IKexplorar,
thanks. i'm assuming that you didn't go to any of those schools yet, since your profile says that you are in england. did you go to any of those schools?
i looked through the schools that you suggested, and they look interesting. however, it's unclear to me how those schools can progress a student, since it seems like you can drop in anytime in those courses, so i'm not sure how they can take a student from point a to point b with people coming and leaving all the time.
"How have you found studying Portuguese in Brazil?"
well, i have been going through stages. at first, i thought my portuguese program was shit, and then we learned some subjunctive stuff, and i thought the course was great, and now, i think the course was crap.
basically, at the end of the day, i think portuguese schools can teach you some grammar
and vocab, but they won't teach you how to speak. i learned more outside of class than inside class, and i kind of started to regard the class as bullshit and not put too much importance on the stuff i was learning in class.
just to be clear, i studied a lot outside of class. i think i'm at b1 level right now.
from what i gather, the portuguese schools are all pretty shitty, but the school i went to is one of the better ones.
i think i could do a much better job teaching english than how the course taught me portuguese, but i think the teachers submit a teaching plan and they feel that they have to cover a bunch of irrelevant shit, because that is the teaching standard.
i do feel that there probably was some helpful carry over from going to class 17-18 hours a week, because just listening to portuguese for so long probably brings the portuguese more into your subconscious mind.

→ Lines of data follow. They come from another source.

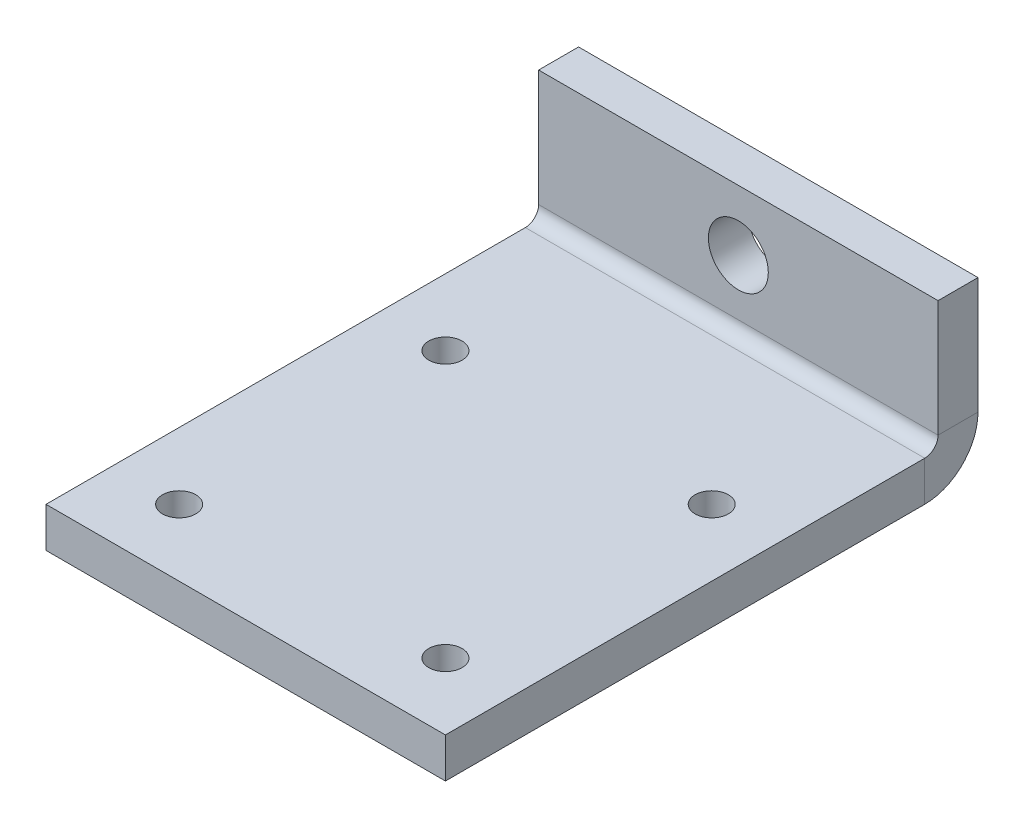
ISO-10303-21;
HEADER;
FILE_DESCRIPTION(('STEP AP214'),'2;1');
FILE_NAME('part.step','',(''),(''),'','','');
FILE_SCHEMA(('AUTOMOTIVE_DESIGN { 1 0 10303 214 1 1 1 1 }'));
ENDSEC;
DATA;
#1=APPLICATION_CONTEXT('core data for automotive mechanical design processes');
#2=APPLICATION_PROTOCOL_DEFINITION('international standard','automotive_design',2000,#1);
#3=PRODUCT_CONTEXT('',#1,'mechanical');
#4=PRODUCT('Part','Part','',(#3));
#5=PRODUCT_RELATED_PRODUCT_CATEGORY('part','',(#4));
#6=PRODUCT_DEFINITION_FORMATION('','',#4);
#7=PRODUCT_DEFINITION_CONTEXT('part definition',#1,'design');
#8=PRODUCT_DEFINITION('design','',#6,#7);
#9=PRODUCT_DEFINITION_SHAPE('','',#8);
#10=(LENGTH_UNIT() NAMED_UNIT(*) SI_UNIT(.MILLI.,.METRE.));
#11=(NAMED_UNIT(*) PLANE_ANGLE_UNIT() SI_UNIT($,.RADIAN.));
#12=(NAMED_UNIT(*) SI_UNIT($,.STERADIAN.) SOLID_ANGLE_UNIT());
#13=UNCERTAINTY_MEASURE_WITH_UNIT(LENGTH_MEASURE(1.E-05),#10,'distance_accuracy_value','');
#14=(GEOMETRIC_REPRESENTATION_CONTEXT(3) GLOBAL_UNCERTAINTY_ASSIGNED_CONTEXT((#13)) GLOBAL_UNIT_ASSIGNED_CONTEXT((#10,
#11,#12)) REPRESENTATION_CONTEXT('',''));
#15=CARTESIAN_POINT('',(0.,0.,0.));
#16=DIRECTION('',(0.,0.,1.));
#17=DIRECTION('',(1.,0.,0.));
#18=AXIS2_PLACEMENT_3D('',#15,#16,#17);
#19=CARTESIAN_POINT('',(30.,0.,4.));
#20=DIRECTION('',(1.,0.,0.));
#21=DIRECTION('',(0.,0.,-1.));
#22=AXIS2_PLACEMENT_3D('',#19,#20,#21);
#23=PLANE('',#22);
#24=DIRECTION('',(0.,1.,0.));
#25=VECTOR('',#24,1.);
#26=CARTESIAN_POINT('',(30.,0.,4.));
#27=LINE('',#26,#25);
#28=CARTESIAN_POINT('',(30.,0.,4.));
#29=VERTEX_POINT('',#28);
#30=CARTESIAN_POINT('',(30.,3.,4.));
#31=VERTEX_POINT('',#30);
#32=EDGE_CURVE('E11',#29,#31,#27,.T.);
#33=ORIENTED_EDGE('',*,*,#32,.F.);
#34=CARTESIAN_POINT('',(30.,4.,4.));
#35=DIRECTION('',(-1.,0.,0.));
#36=DIRECTION('',(0.,0.,1.));
#37=AXIS2_PLACEMENT_3D('',#34,#35,#36);
#38=CIRCLE('',#37,4.);
#39=CARTESIAN_POINT('',(30.,4.,0.));
#40=VERTEX_POINT('',#39);
#41=EDGE_CURVE('E128',#29,#40,#38,.F.);
#42=ORIENTED_EDGE('',*,*,#41,.T.);
#43=DIRECTION('',(0.,0.,-1.));
#44=VECTOR('',#43,1.);
#45=CARTESIAN_POINT('',(30.,4.,3.));
#46=LINE('',#45,#44);
#47=CARTESIAN_POINT('',(30.,4.,3.));
#48=VERTEX_POINT('',#47);
#49=EDGE_CURVE('E46',#48,#40,#46,.T.);
#50=ORIENTED_EDGE('',*,*,#49,.F.);
#51=CARTESIAN_POINT('',(30.,4.,4.));
#52=DIRECTION('',(1.,0.,0.));
#53=DIRECTION('',(0.,0.,-1.));
#54=AXIS2_PLACEMENT_3D('',#51,#52,#53);
#55=CIRCLE('',#54,1.);
#56=EDGE_CURVE('E135',#31,#48,#55,.T.);
#57=ORIENTED_EDGE('',*,*,#56,.F.);
#58=EDGE_LOOP('',(#33,#42,#50,#57));
#59=FACE_BOUND('',#58,.T.);
#60=ADVANCED_FACE('F38',(#59),#23,.T.);
#61=CARTESIAN_POINT('',(30.,4.,3.));
#62=DIRECTION('',(1.,0.,0.));
#63=DIRECTION('',(0.,0.,-1.));
#64=AXIS2_PLACEMENT_3D('',#61,#62,#63);
#65=PLANE('',#64);
#66=DIRECTION('',(0.,0.,-1.));
#67=VECTOR('',#66,1.);
#68=CARTESIAN_POINT('',(30.,0.,0.));
#69=LINE('',#68,#67);
#70=CARTESIAN_POINT('',(30.,0.,40.));
#71=VERTEX_POINT('',#70);
#72=EDGE_CURVE('E123',#71,#29,#69,.T.);
#73=ORIENTED_EDGE('',*,*,#72,.T.);
#74=ORIENTED_EDGE('',*,*,#32,.T.);
#75=DIRECTION('',(0.,0.,-1.));
#76=VECTOR('',#75,1.);
#77=CARTESIAN_POINT('',(30.,3.,0.));
#78=LINE('',#77,#76);
#79=CARTESIAN_POINT('',(30.,3.,40.));
#80=VERTEX_POINT('',#79);
#81=EDGE_CURVE('E133',#80,#31,#78,.T.);
#82=ORIENTED_EDGE('',*,*,#81,.F.);
#83=DIRECTION('',(0.,1.,0.));
#84=VECTOR('',#83,1.);
#85=CARTESIAN_POINT('',(30.,0.,40.));
#86=LINE('',#85,#84);
#87=EDGE_CURVE('E114',#71,#80,#86,.T.);
#88=ORIENTED_EDGE('',*,*,#87,.F.);
#89=EDGE_LOOP('',(#73,#74,#82,#88));
#90=FACE_BOUND('',#89,.T.);
#91=ADVANCED_FACE('F131',(#90),#65,.T.);
#92=CARTESIAN_POINT('',(0.,4.,0.));
#93=DIRECTION('',(-1.,0.,0.));
#94=DIRECTION('',(0.,0.,1.));
#95=AXIS2_PLACEMENT_3D('',#92,#93,#94);
#96=PLANE('',#95);
#97=DIRECTION('',(0.,0.,1.));
#98=VECTOR('',#97,1.);
#99=CARTESIAN_POINT('',(0.,4.,0.));
#100=LINE('',#99,#98);
#101=CARTESIAN_POINT('',(0.,4.,0.));
#102=VERTEX_POINT('',#101);
#103=CARTESIAN_POINT('',(0.,4.,3.));
#104=VERTEX_POINT('',#103);
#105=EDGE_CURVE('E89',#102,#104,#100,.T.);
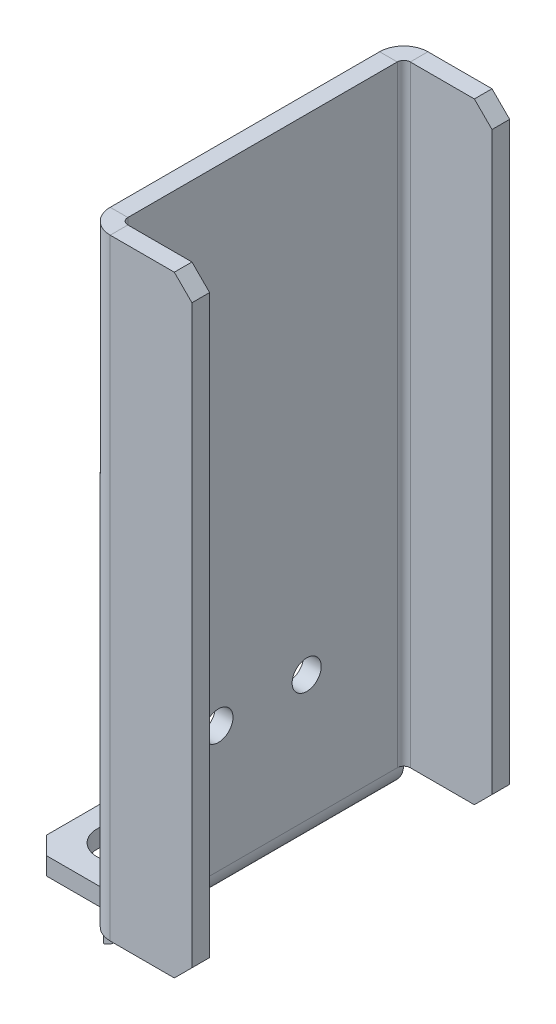
ISO-10303-21;
HEADER;
FILE_DESCRIPTION(('STEP AP214'),'2;1');
FILE_NAME('part.step','',(''),(''),'','','');
FILE_SCHEMA(('AUTOMOTIVE_DESIGN { 1 0 10303 214 1 1 1 1 }'));
ENDSEC;
DATA;
#1=APPLICATION_CONTEXT('core data for automotive mechanical design processes');
#2=APPLICATION_PROTOCOL_DEFINITION('international standard','automotive_design',2000,#1);
#3=PRODUCT_CONTEXT('',#1,'mechanical');
#4=PRODUCT('Part','Part','',(#3));
#5=PRODUCT_RELATED_PRODUCT_CATEGORY('part','',(#4));
#6=PRODUCT_DEFINITION_FORMATION('','',#4);
#7=PRODUCT_DEFINITION_CONTEXT('part definition',#1,'design');
#8=PRODUCT_DEFINITION('design','',#6,#7);
#9=PRODUCT_DEFINITION_SHAPE('','',#8);
#10=(LENGTH_UNIT() NAMED_UNIT(*) SI_UNIT(.MILLI.,.METRE.));
#11=(NAMED_UNIT(*) PLANE_ANGLE_UNIT() SI_UNIT($,.RADIAN.));
#12=(NAMED_UNIT(*) SI_UNIT($,.STERADIAN.) SOLID_ANGLE_UNIT());
#13=UNCERTAINTY_MEASURE_WITH_UNIT(LENGTH_MEASURE(1.E-05),#10,'distance_accuracy_value','');
#14=(GEOMETRIC_REPRESENTATION_CONTEXT(3) GLOBAL_UNCERTAINTY_ASSIGNED_CONTEXT((#13)) GLOBAL_UNIT_ASSIGNED_CONTEXT((#10,
#11,#12)) REPRESENTATION_CONTEXT('',''));
#15=CARTESIAN_POINT('',(0.,0.,0.));
#16=DIRECTION('',(0.,0.,1.));
#17=DIRECTION('',(1.,0.,0.));
#18=AXIS2_PLACEMENT_3D('',#15,#16,#17);
#19=CARTESIAN_POINT('',(2.,0.736600000000004,-15.2634));
#20=DIRECTION('',(0.,1.,0.));
#21=DIRECTION('',(0.,0.,1.));
#22=AXIS2_PLACEMENT_3D('',#19,#20,#21);
#23=PLANE('',#22);
#24=DIRECTION('',(0.,0.,1.));
#25=VECTOR('',#24,1.);
#26=CARTESIAN_POINT('',(0.,0.736599999999782,15.9999999999995));
#27=LINE('',#26,#25);
#28=CARTESIAN_POINT('',(0.,0.736600000000009,-16.));
#29=VERTEX_POINT('',#28);
#30=CARTESIAN_POINT('',(0.,0.736600000000007,-15.2634));
#31=VERTEX_POINT('',#30);
#32=EDGE_CURVE('E331',#29,#31,#27,.T.);
#33=ORIENTED_EDGE('',*,*,#32,.T.);
#34=CARTESIAN_POINT('',(2.7366,0.736600000000004,-15.2634));
#35=DIRECTION('',(0.,1.,0.));
#36=DIRECTION('',(0.,0.,1.));
#37=AXIS2_PLACEMENT_3D('',#34,#35,#36);
#38=CIRCLE('',#37,2.7366);
#39=CARTESIAN_POINT('',(0.100997602065133,0.736600000000004,-16.));
#40=VERTEX_POINT('',#39);
#41=EDGE_CURVE('E269',#31,#40,#38,.F.);
#42=ORIENTED_EDGE('',*,*,#41,.T.);
#43=DIRECTION('',(-1.,0.,0.));
#44=VECTOR('',#43,1.);
#45=CARTESIAN_POINT('',(2.,0.736600000000009,-16.));
#46=LINE('',#45,#44);
#47=EDGE_CURVE('E404',#40,#29,#46,.T.);
#48=ORIENTED_EDGE('',*,*,#47,.T.);
#49=EDGE_LOOP('',(#33,#42,#48));
#50=FACE_BOUND('',#49,.T.);
#51=ADVANCED_FACE('F36',(#50),#23,.T.);
#52=CARTESIAN_POINT('',(2.,0.736600000000009,16.));
#53=DIRECTION('',(0.,1.,0.));
#54=DIRECTION('',(0.,0.,1.));
#55=AXIS2_PLACEMENT_3D('',#52,#53,#54);
#56=PLANE('',#55);
#57=DIRECTION('',(1.,0.,0.));
#58=VECTOR('',#57,1.);
#59=CARTESIAN_POINT('',(0.,0.736600000000004,16.));
#60=LINE('',#59,#58);
#61=CARTESIAN_POINT('',(0.,0.736600000000004,16.));
#62=VERTEX_POINT('',#61);
#63=CARTESIAN_POINT('',(0.100997602065133,0.736600000000004,16.));
#64=VERTEX_POINT('',#63);
#65=EDGE_CURVE('E409',#62,#64,#60,.T.);
#66=ORIENTED_EDGE('',*,*,#65,.T.);
#67=CARTESIAN_POINT('',(2.7366,0.736600000000004,15.2634));
#68=DIRECTION('',(0.,-1.,0.));
#69=DIRECTION('',(0.,0.,-1.));
#70=AXIS2_PLACEMENT_3D('',#67,#68,#69);
#71=CIRCLE('',#70,2.7366);
#72=CARTESIAN_POINT('',(0.,0.736600000000004,15.2634));
#73=VERTEX_POINT('',#72);
#74=EDGE_CURVE('E318',#64,#73,#71,.T.);
#75=ORIENTED_EDGE('',*,*,#74,.T.);
#76=DIRECTION('',(0.,0.,1.));
#77=VECTOR('',#76,1.);
#78=CARTESIAN_POINT('',(0.,0.736600000000004,16.0000000000005));
#79=LINE('',#78,#77);
#80=EDGE_CURVE('E418',#73,#62,#79,.T.);
#81=ORIENTED_EDGE('',*,*,#80,.T.);
#82=EDGE_LOOP('',(#66,#75,#81));
#83=FACE_BOUND('',#82,.T.);
#84=ADVANCED_FACE('F511',(#83),#56,.T.);
#85=CARTESIAN_POINT('',(2.,70.,16.));
#86=DIRECTION('',(1.,0.,0.));
#87=DIRECTION('',(0.,1.,0.));
#88=AXIS2_PLACEMENT_3D('',#85,#86,#87);
#89=PLANE('',#88);
#90=CARTESIAN_POINT('',(2.,15.,5.));
#91=DIRECTION('',(1.,0.,0.));
#92=DIRECTION('',(0.,0.,-1.));
#93=AXIS2_PLACEMENT_3D('',#90,#91,#92);
#94=CIRCLE('',#93,1.65);
#95=CARTESIAN_POINT('',(2.,15.,3.35));
#96=VERTEX_POINT('',#95);
#97=EDGE_CURVE('E428',#96,#96,#94,.T.);
#98=ORIENTED_EDGE('',*,*,#97,.F.);
#99=EDGE_LOOP('',(#98));
#100=FACE_BOUND('',#99,.T.);
#101=CARTESIAN_POINT('',(2.,15.,-5.));
#102=DIRECTION('',(1.,0.,0.));
#103=DIRECTION('',(0.,0.,-1.));
#104=AXIS2_PLACEMENT_3D('',#101,#102,#103);
#105=CIRCLE('',#104,1.65);
#106=CARTESIAN_POINT('',(2.,15.,-6.65));
#107=VERTEX_POINT('',#106);
#108=EDGE_CURVE('E424',#107,#107,#105,.T.);
#109=ORIENTED_EDGE('',*,*,#108,.F.);
#110=EDGE_LOOP('',(#109));
#111=FACE_BOUND('',#110,.T.);
#112=DIRECTION('',(0.,0.,-1.));
#113=VECTOR('',#112,1.);
#114=CARTESIAN_POINT('',(2.,0.736600000000009,16.));
#115=LINE('',#114,#113);
#116=CARTESIAN_POINT('',(2.,0.736600000000004,15.2634));
#117=VERTEX_POINT('',#116);
#118=CARTESIAN_POINT('',(2.,0.736600000000009,-15.2634));
#119=VERTEX_POINT('',#118);
#120=EDGE_CURVE('E391',#117,#119,#115,.T.);
#121=ORIENTED_EDGE('',*,*,#120,.T.);
#122=DIRECTION('',(0.,1.,0.));
#123=VECTOR('',#122,1.);
#124=CARTESIAN_POINT('',(2.,70.,-15.2634));
#125=LINE('',#124,#123);
#126=CARTESIAN_POINT('',(2.,70.,-15.2634));
#127=VERTEX_POINT('',#126);
#128=EDGE_CURVE('E274',#127,#119,#125,.F.);
#129=ORIENTED_EDGE('',*,*,#128,.F.);
#130=DIRECTION('',(0.,0.,-1.));
#131=VECTOR('',#130,1.);
#132=CARTESIAN_POINT('',(2.,70.,16.));
#133=LINE('',#132,#131);
#134=CARTESIAN_POINT('',(2.,70.,15.2634));
#135=VERTEX_POINT('',#134);
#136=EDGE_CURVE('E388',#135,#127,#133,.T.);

i think i learned more from duolingo than from my class to be honest.
abthree,
"Do you feel that the school you're finishing now did a good job teaching you Portuguese?"
i don't think the school did a good job, but i think they are good compared to other nearby schools.
to be honest, i think brazil is not for me, so next semester is probably going to be my last semester unless something changes, so i was playing around with the idea of saying, "screw it" and just studying in another city to get to know another city and get another perspective on brazil.
actually, i feel mislead, because the school i go to supposedly will take you to c1 level within 3 semesters, but i talked to a student in the third semester, and he said that he and his classmates are not fluent and can't even read a book in portuguese.
i should have taken level 2, instead of level 1, but i think my school hyped up how good their classes were (undeservingly), and i thought i wasn't advanced enough for level 2, but i was.
however, i do know a bunch of people in sao paulo, so i already have a social base here, and i know that i'm at one of the supposedly better schools, so sao paulo has that going for it. and also, my school helps me out with my visa renewal. so that is a big plus. transferring schools and doing all the visa paperwork in portuguese sounds like a lot of trouble.
a few brazilians have also told me that rio is very dangerous, although one brazilian today told me that it's only a little bit more dangerous than sao paulo, but i've never visited rio yet, so i don't have any first-hand experience with that. i do feel pretty safe in sao paulo. i walk around at 11 and 12 at night without a problem in sao paulo.